Image: IGDB/Nintendo (So long...)

‘Super Mario 3D All-Stars’ review: All-Stars fails to shine

It’s the 35th anniversary of everyone’s favourite plumber, and Nintendo unveiled a huge slab of material to celebrate. One of these releases is the Super Mario 3D All-Stars collection, which brings together three of Mario’s biggest games – 64, Sunshine and Galaxy – in one package. The games themselves are fun to revisit, but the collection itself is a massive disappointment.

The first entry, 1996’s Super Mario 64, is one of the most influential 3D platformers ever made. Most games in the genre owe a lot to this famous ancestor. The graphics are certainly sharper, but I couldn’t help and feel underwhelmed.

Mario 64 is still played with black bars around the screen to accommodate the 4:3 display, and it feels like a product of its time. It still plays beautifully, but I felt no real inclination to progress through this one. At the risk of being controversial, I think a better, more content-rich version of the game exists, and it’s on the DS.

Nintendo has done the bare minimum to upscale these games

Super Mario Sunshine is famously the black sheep of the family because of how different it is. Mario heads to a tropical resort, acquires a water propulsion system called FLUDD and has to help clean up the island. It’s a fun game, but its issues are the same as they’ve always been. The objectives are often poorly conveyed and can be ludicrously difficult at times. It remains fun, but the gameplay isn’t the tightest. I’d say it’s the weakest game on the collection, but it was also the one I was keenest to revisit.

Onto the final game, Super Mario Galaxy, and the most creative, sending Mario on an adventure through space. It looks gorgeous even with only minor graphical tweaks, and the orchestral soundtrack is as beautiful as ever. 

Galaxy was built with the Wii in mind, and so motion controls feature heavily. If you’re able to play with Joy-Cons detached, it’s a familiar experience, but there’s a touchscreen alternative in handheld mode that is not very practical. I also found that the cursor drifted all the time, and constantly had to be reset, which was not the biggest issue, but it broke the immersion. Ultimately, however, these are minor picks in what I think is the best of the three.

I’m not just reviewing the games, however. This is a celebratory anniversary collection and, on that front, it falls way short. Nintendo has done the bare minimum to upscale these games, giving them a minor graphical update, and that’s about it.

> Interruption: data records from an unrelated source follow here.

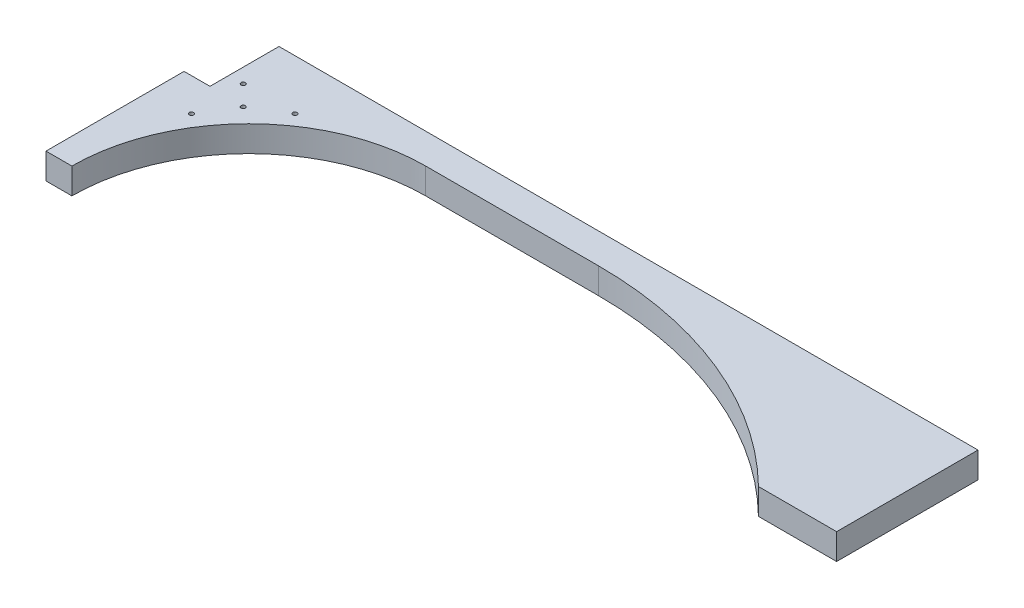
from build123d import *

# Parameters (mm, degrees)
BOSS_EXTRUDE1_DEPTH              = 19.05
F_1_8_0_125_DIAMETER_HOLE1_D     = 3.175
F_1_8_0_125_DIAMETER_HOLE1_DEPTH = 11.1252
F_1_8_0_125_DIAMETER_HOLE1_TIP   = 0.953866233
F_1_8_0_125_DIAMETER_HOLE2_D     = 3.175


with BuildPart() as part:
    # Sketch1 → Boss-Extrude1 (new body)
    with BuildSketch(Plane(origin=(0, 0, 0), x_dir=(1, 0, 0), z_dir=(0, 1, 0))):
        with BuildLine():
            Line((-257.175, 0), (257.175, 0))
            Line((257.175, 0), (257.175, -104.032493436))
            Line((257.175, -104.032493436), (199.670208733, -104.032493436))
            ThreePointArc((199.670208733, -104.032493436), (107.889594305, -43.469891278), (0, -22.225))
            Line((0, -22.225), (-127, -22.225))
            ThreePointArc((-127, -22.225), (-219.047625241, -60.352374759), (-257.175, -152.4))
            Line((-257.175, -152.4), (-276.225, -152.4))
            Line((-276.225, -152.4), (-276.225, -50.8))
            Line((-276.225, -50.8), (-257.175, -50.8))
            Line((-257.175, -50.8), (-257.175, 0))
        make_face()
    extrude(amount=BOSS_EXTRUDE1_DEPTH)

    # 1/8 (0.125) Diameter Hole1
    with Locations(Plane(origin=(0, 0, 0), x_dir=(-1, 0, 0), z_dir=(0, -1, 0))):
        with Locations((0, -11.1125), (225.425, -23.8125), (-225.425, -23.8125), (-225.425, -67.519993436), (257.175, -84.6005531)):
            Hole(F_1_8_0_125_DIAMETER_HOLE1_D / 2, depth=F_1_8_0_125_DIAMETER_HOLE1_DEPTH)
            with Locations((0, 0, -(F_1_8_0_125_DIAMETER_HOLE1_DEPTH + F_1_8_0_125_DIAMETER_HOLE1_TIP / 2))):  # 118° drill point
                Cone(0, F_1_8_0_125_DIAMETER_HOLE1_D / 2, F_1_8_0_125_DIAMETER_HOLE1_TIP, mode=Mode.SUBTRACT)

    # 1/8 (0.125) Diameter Hole2 (through all)
    with Locations(Plane(origin=(0, 19.05, 0), x_dir=(1, 0, 0), z_dir=(0, 1, 0))):
        with Locations((-246.552544448, -36.961239505), (-208.452544448, -36.961239505), (-246.552544448, -75.061239505), (-231.830017346, -51.683766607)):
            Hole(F_1_8_0_125_DIAMETER_HOLE2_D / 2)


solid = part.part
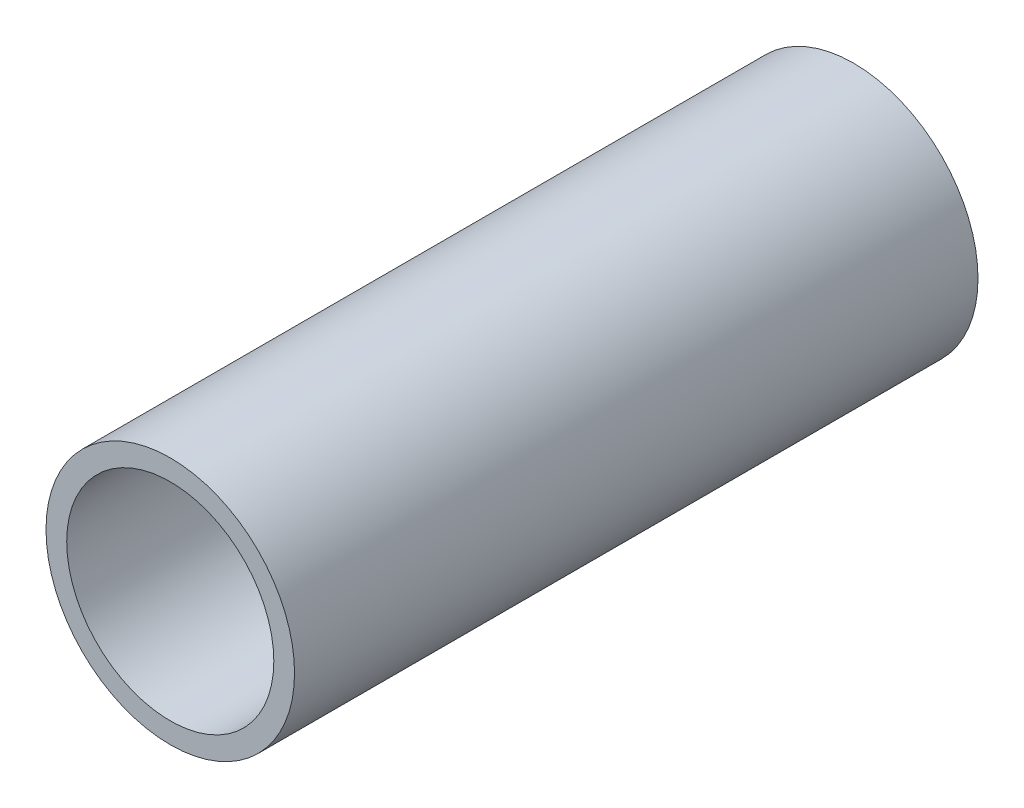
from build123d import *

# Parameters (mm, degrees)
ESQUISSE1_R        = 6
ESQUISSE1_R_2      = 5
BOSS_EXTRU_1_DEPTH = 33


with BuildPart() as part:
    # Esquisse1 → Boss.-Extru.1 (new body)
    with BuildSketch(Plane.XY):
        Circle(ESQUISSE1_R)
        Circle(ESQUISSE1_R_2, mode=Mode.SUBTRACT)
    extrude(amount=BOSS_EXTRU_1_DEPTH)


solid = part.part
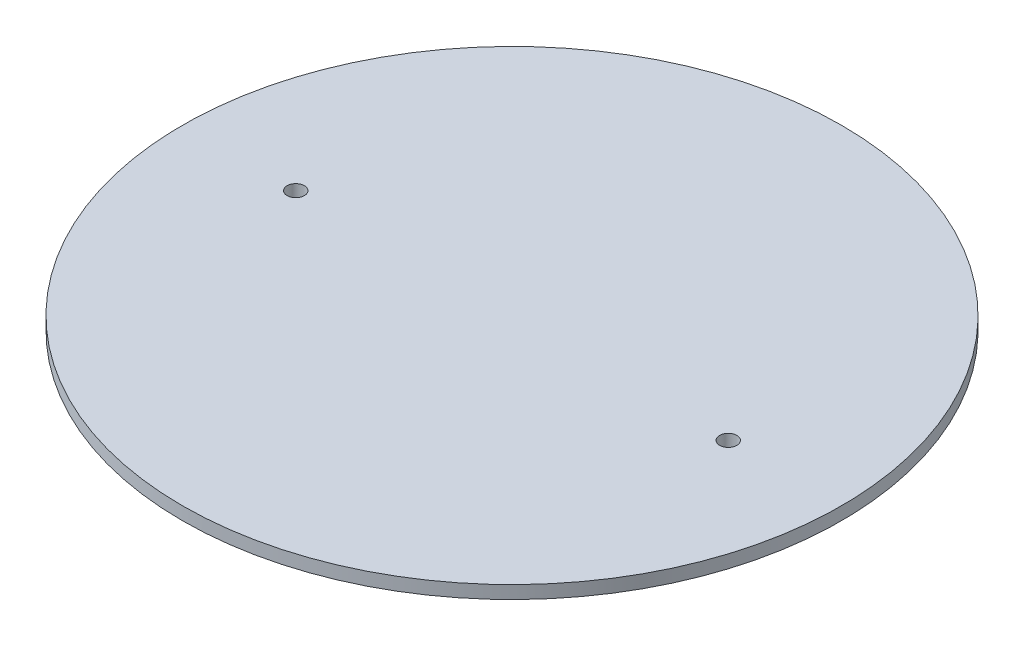
from build123d import *

# Parameters (mm, degrees)
BOSS_EXTRUDE1_DEPTH      = 1.5
BOSS_EXTRUDE1_DEPTH_BACK = 1.5
SKETCH1_R                = 76.2
SKETCH1_R_2              = 2


with BuildPart() as part:
    # Sketch1 → Boss-Extrude1 (new, two sides: drawn at the far end of the back side and taken through both)
    with BuildSketch(Plane(origin=(0, 0, 0), x_dir=(1, 0, 0), z_dir=(0, 1, 0)).offset(-BOSS_EXTRUDE1_DEPTH_BACK)):
        Circle(SKETCH1_R)
        with Locations((-50, 0)):
            Circle(SKETCH1_R_2, mode=Mode.SUBTRACT)
        with Locations((50, 0)):
            Circle(SKETCH1_R_2, mode=Mode.SUBTRACT)
    extrude(amount=BOSS_EXTRUDE1_DEPTH + BOSS_EXTRUDE1_DEPTH_BACK)


solid = part.part

There are so many missed opportunities here, and the whole thing feels like a rush-job

 If you’re expecting a proper remaster in the same vein as the N’Sane Trilogy or Spyro: Reignited, you’re going to be very disappointed – these are rather lazy emulations, and nothing more. Don’t get me wrong, it all looks very nice, but better graphics are not much, particularly when Nintendo has ignored the bigger issues with the games. 64 and Sunshine’s famously dodgy cameras remain intact, for example, and it’s as annoying as ever.

Given that this is a major anniversary, and supposedly a special limited edition, All-Stars is a huge let-down outside of the games. The title screen lets you play any tunes from the games’ soundtracks, and that’s it. No concept art, bonus content, behind-the-scenes information – absolutely nothing. I thought the idea behind All-Stars was to celebrate these three incredible games and the history of Mario, and yet it seems as if Nintendo just couldn’t be bothered. There are so many missed opportunities here, and the whole thing feels like a rush-job.

It’s hard to review this All-Stars collection because it’s very much a Switch title of two halves. The three games are some of the best platformers ever released, and playing through them again is a joy. But as a collection, it’s an underwhelming experience – barely remastered and screaming lack of effort.

Nintendo cannot claim it wants to celebrate its iconic mascot and then do so with such a lazy compilation. 64, Sunshine and Galaxy are all wonderful games, and a collection of all three should have been a truly wonderful thing – it’s a shame that it truly isn’t.